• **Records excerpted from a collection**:
+ + + +
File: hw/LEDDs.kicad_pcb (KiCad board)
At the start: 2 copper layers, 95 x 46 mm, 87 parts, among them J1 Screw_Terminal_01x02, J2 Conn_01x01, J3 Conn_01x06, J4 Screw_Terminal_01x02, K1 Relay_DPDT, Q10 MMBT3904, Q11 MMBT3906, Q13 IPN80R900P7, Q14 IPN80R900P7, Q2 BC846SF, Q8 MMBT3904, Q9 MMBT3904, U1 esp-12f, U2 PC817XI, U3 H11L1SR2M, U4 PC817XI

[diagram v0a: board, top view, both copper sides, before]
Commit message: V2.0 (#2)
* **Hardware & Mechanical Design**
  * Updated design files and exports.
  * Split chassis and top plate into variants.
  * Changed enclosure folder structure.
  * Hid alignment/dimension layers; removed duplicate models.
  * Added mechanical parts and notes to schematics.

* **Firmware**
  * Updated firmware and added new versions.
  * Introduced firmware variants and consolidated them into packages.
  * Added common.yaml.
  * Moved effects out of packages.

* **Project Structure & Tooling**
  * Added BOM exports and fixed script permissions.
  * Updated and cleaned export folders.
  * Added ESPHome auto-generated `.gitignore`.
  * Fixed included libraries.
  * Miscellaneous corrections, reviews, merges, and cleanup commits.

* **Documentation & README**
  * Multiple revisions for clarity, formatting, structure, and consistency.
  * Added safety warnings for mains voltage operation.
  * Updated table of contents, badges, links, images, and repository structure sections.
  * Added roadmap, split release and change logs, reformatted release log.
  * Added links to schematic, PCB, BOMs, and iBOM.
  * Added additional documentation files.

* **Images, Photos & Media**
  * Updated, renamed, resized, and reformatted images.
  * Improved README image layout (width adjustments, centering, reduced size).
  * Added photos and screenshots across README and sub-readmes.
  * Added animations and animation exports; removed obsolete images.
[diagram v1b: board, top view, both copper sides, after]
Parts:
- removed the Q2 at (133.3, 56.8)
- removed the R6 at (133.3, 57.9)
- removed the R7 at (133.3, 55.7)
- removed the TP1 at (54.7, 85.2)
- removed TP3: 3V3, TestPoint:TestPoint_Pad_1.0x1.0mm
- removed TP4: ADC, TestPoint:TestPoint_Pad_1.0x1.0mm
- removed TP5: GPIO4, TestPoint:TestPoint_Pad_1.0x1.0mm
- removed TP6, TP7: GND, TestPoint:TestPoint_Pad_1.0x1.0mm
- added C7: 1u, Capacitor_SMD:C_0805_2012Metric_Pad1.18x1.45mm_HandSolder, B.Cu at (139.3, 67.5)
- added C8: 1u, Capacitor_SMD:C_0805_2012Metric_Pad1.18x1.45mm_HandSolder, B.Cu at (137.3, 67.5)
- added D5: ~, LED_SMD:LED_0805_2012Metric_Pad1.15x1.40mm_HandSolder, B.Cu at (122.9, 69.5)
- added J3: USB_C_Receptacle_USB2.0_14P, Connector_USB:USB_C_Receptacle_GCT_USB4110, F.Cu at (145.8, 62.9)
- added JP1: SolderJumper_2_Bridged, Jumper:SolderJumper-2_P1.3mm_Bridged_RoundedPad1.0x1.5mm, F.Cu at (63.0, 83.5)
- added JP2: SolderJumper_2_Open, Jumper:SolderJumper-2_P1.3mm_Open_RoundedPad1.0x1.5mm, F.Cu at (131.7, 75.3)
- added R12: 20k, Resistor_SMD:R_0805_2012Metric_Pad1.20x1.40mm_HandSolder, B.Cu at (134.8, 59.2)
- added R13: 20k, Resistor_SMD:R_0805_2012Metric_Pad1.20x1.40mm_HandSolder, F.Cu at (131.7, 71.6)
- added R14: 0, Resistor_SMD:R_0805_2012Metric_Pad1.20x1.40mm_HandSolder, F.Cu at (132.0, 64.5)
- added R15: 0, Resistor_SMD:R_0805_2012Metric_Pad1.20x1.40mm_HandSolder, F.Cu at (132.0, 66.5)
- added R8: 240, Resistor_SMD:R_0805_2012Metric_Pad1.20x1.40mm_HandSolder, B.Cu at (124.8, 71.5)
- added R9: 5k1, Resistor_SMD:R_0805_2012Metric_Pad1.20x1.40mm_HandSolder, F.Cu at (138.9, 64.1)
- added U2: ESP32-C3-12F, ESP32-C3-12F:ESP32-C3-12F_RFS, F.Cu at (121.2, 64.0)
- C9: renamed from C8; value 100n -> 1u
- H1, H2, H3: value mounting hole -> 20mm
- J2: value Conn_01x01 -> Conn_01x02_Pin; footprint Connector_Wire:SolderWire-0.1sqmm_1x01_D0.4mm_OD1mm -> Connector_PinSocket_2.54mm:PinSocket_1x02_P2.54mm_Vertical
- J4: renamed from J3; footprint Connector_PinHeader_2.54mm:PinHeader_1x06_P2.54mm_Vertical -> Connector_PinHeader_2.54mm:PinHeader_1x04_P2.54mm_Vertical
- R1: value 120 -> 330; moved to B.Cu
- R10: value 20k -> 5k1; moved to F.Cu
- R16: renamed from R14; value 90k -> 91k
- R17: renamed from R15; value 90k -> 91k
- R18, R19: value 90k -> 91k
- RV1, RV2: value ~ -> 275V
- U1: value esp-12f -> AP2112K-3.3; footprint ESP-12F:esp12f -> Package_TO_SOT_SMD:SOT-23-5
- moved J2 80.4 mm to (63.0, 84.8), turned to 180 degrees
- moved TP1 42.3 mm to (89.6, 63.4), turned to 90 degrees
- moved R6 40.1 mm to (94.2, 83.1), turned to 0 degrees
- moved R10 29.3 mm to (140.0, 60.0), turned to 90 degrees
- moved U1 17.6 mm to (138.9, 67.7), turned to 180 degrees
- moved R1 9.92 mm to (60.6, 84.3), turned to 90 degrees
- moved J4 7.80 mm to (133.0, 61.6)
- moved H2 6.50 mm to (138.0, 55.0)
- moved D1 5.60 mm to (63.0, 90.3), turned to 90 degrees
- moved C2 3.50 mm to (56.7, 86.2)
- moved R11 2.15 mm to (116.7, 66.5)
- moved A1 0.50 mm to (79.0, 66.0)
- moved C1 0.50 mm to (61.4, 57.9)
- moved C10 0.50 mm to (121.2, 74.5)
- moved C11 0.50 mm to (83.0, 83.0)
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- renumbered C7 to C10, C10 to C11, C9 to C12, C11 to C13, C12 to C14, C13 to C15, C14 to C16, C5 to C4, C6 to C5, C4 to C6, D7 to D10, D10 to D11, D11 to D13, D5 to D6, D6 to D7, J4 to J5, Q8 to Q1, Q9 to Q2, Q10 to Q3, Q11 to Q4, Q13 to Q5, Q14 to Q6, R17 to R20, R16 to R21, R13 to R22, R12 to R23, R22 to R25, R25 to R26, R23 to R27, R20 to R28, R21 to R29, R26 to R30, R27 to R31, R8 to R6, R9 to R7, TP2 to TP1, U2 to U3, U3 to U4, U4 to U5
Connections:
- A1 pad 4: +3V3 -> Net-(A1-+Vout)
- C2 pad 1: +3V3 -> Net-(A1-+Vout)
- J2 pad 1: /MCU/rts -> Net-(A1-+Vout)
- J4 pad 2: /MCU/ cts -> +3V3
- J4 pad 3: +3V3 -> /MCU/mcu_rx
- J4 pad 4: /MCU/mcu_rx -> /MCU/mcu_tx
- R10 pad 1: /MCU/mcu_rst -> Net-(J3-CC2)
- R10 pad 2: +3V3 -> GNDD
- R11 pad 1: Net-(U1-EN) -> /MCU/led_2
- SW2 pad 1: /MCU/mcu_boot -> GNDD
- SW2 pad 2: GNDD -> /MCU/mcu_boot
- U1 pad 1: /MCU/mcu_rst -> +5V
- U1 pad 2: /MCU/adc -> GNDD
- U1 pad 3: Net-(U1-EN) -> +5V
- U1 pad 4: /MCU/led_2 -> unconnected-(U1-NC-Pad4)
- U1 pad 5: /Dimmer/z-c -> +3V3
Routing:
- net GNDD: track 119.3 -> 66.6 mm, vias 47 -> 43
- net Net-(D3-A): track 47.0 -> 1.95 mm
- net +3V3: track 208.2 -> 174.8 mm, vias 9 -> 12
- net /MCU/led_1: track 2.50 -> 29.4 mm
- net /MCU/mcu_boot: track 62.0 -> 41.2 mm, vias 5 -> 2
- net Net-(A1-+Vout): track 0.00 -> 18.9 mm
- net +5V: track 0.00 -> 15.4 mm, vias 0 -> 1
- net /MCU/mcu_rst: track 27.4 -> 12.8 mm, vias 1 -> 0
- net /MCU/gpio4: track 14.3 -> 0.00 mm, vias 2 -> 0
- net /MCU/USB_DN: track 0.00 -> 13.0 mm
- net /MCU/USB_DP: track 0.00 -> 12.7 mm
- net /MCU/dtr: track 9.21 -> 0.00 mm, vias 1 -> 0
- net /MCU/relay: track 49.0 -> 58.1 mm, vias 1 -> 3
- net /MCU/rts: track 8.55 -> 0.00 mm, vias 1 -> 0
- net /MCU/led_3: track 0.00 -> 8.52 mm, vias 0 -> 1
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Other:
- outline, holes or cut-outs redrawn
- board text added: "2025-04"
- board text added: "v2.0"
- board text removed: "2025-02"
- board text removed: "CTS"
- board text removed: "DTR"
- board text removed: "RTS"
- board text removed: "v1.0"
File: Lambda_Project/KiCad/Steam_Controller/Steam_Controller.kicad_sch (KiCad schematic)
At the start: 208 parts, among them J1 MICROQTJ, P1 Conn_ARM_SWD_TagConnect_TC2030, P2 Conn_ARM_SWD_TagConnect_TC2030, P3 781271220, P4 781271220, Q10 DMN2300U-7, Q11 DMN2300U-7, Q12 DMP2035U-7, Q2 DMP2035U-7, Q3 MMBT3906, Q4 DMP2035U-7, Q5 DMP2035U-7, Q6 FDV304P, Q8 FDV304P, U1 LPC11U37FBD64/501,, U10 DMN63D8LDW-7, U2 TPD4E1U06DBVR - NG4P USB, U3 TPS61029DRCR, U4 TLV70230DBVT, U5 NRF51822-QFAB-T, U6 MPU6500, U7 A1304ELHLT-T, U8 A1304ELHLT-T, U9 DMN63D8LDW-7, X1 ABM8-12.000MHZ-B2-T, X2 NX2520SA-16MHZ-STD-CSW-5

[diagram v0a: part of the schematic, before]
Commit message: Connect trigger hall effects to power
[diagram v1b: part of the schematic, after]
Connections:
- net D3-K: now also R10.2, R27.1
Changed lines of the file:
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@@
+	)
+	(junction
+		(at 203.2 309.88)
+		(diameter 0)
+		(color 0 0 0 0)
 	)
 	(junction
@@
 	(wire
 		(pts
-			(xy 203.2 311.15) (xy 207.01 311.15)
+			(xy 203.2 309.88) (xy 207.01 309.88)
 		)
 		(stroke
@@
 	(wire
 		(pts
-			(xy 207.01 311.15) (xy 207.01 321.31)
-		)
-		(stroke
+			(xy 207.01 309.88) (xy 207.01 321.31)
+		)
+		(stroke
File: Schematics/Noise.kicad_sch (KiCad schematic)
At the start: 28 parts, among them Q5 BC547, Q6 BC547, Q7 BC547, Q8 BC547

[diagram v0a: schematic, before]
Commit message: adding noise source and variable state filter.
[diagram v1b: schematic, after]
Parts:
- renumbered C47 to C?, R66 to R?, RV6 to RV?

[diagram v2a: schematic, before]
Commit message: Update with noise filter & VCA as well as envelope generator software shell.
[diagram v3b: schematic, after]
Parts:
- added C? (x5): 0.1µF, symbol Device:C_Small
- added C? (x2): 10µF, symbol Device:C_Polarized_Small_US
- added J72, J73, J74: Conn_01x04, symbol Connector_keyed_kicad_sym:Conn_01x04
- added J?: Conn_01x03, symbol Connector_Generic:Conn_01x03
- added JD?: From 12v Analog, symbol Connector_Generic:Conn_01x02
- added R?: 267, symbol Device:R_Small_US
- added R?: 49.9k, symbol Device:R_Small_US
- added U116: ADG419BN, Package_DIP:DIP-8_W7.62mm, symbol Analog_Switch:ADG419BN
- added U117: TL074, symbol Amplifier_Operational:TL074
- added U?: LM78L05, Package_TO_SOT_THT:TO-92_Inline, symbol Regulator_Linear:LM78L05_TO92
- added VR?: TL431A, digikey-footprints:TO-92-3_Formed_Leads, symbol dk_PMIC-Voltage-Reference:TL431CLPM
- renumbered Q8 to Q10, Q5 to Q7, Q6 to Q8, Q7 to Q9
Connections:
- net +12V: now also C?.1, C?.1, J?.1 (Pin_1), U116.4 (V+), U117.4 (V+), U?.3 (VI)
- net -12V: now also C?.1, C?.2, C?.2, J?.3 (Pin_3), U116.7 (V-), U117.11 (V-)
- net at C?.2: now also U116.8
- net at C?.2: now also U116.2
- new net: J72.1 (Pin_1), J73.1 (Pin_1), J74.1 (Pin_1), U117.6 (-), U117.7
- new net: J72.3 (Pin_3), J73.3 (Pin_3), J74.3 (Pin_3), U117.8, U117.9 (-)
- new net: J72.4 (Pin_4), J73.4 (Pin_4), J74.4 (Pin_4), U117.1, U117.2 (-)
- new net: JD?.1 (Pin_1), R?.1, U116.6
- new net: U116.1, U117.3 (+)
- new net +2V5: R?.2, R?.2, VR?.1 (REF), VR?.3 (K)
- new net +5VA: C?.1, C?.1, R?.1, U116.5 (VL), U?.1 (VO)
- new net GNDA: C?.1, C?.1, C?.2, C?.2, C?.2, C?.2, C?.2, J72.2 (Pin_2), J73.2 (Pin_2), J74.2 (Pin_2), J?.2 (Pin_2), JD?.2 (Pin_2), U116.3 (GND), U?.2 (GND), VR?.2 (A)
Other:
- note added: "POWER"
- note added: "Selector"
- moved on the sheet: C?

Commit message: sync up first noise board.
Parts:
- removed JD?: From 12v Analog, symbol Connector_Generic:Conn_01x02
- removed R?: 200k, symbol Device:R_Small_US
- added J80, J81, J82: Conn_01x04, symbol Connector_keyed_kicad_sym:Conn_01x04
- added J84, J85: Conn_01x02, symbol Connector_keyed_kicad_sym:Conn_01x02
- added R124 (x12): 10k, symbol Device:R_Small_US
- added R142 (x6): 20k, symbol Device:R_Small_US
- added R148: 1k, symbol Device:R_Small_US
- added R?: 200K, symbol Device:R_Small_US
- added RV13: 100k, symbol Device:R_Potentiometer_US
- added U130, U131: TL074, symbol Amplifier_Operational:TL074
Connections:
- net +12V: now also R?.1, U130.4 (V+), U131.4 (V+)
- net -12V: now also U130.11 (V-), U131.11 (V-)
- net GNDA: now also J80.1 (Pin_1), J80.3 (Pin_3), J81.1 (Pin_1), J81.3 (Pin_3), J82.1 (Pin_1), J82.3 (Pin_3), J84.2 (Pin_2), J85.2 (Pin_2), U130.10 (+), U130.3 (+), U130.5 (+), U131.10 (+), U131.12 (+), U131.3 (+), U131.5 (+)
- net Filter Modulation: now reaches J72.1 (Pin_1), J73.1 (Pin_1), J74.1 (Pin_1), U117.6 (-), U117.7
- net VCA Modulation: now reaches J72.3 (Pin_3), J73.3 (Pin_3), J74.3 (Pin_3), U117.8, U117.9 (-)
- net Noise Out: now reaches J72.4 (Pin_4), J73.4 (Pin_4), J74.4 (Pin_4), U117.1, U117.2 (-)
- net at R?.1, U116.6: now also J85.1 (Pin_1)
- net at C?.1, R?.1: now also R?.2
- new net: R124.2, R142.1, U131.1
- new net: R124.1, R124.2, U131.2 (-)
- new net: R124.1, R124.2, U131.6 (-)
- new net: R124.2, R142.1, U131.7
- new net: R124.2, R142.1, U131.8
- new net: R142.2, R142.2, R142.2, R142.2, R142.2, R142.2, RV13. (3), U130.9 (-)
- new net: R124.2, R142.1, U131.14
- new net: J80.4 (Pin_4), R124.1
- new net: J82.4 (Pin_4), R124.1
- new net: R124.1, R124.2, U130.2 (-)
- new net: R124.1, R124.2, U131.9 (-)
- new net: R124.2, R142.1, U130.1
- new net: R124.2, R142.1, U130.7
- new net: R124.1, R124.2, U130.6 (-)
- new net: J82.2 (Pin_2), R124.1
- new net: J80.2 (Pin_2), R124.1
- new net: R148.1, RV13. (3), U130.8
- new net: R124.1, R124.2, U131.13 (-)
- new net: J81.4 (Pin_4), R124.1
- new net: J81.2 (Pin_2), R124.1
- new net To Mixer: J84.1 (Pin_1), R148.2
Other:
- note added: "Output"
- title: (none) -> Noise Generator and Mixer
+ + + +
• **What the task asks**: Your answer should consist of the lines above that hold the word "sides", copied exactly.

• **Completed task**:
[diagram v0a: board, top view, both copper sides, before]
[diagram v1b: board, top view, both copper sides, after]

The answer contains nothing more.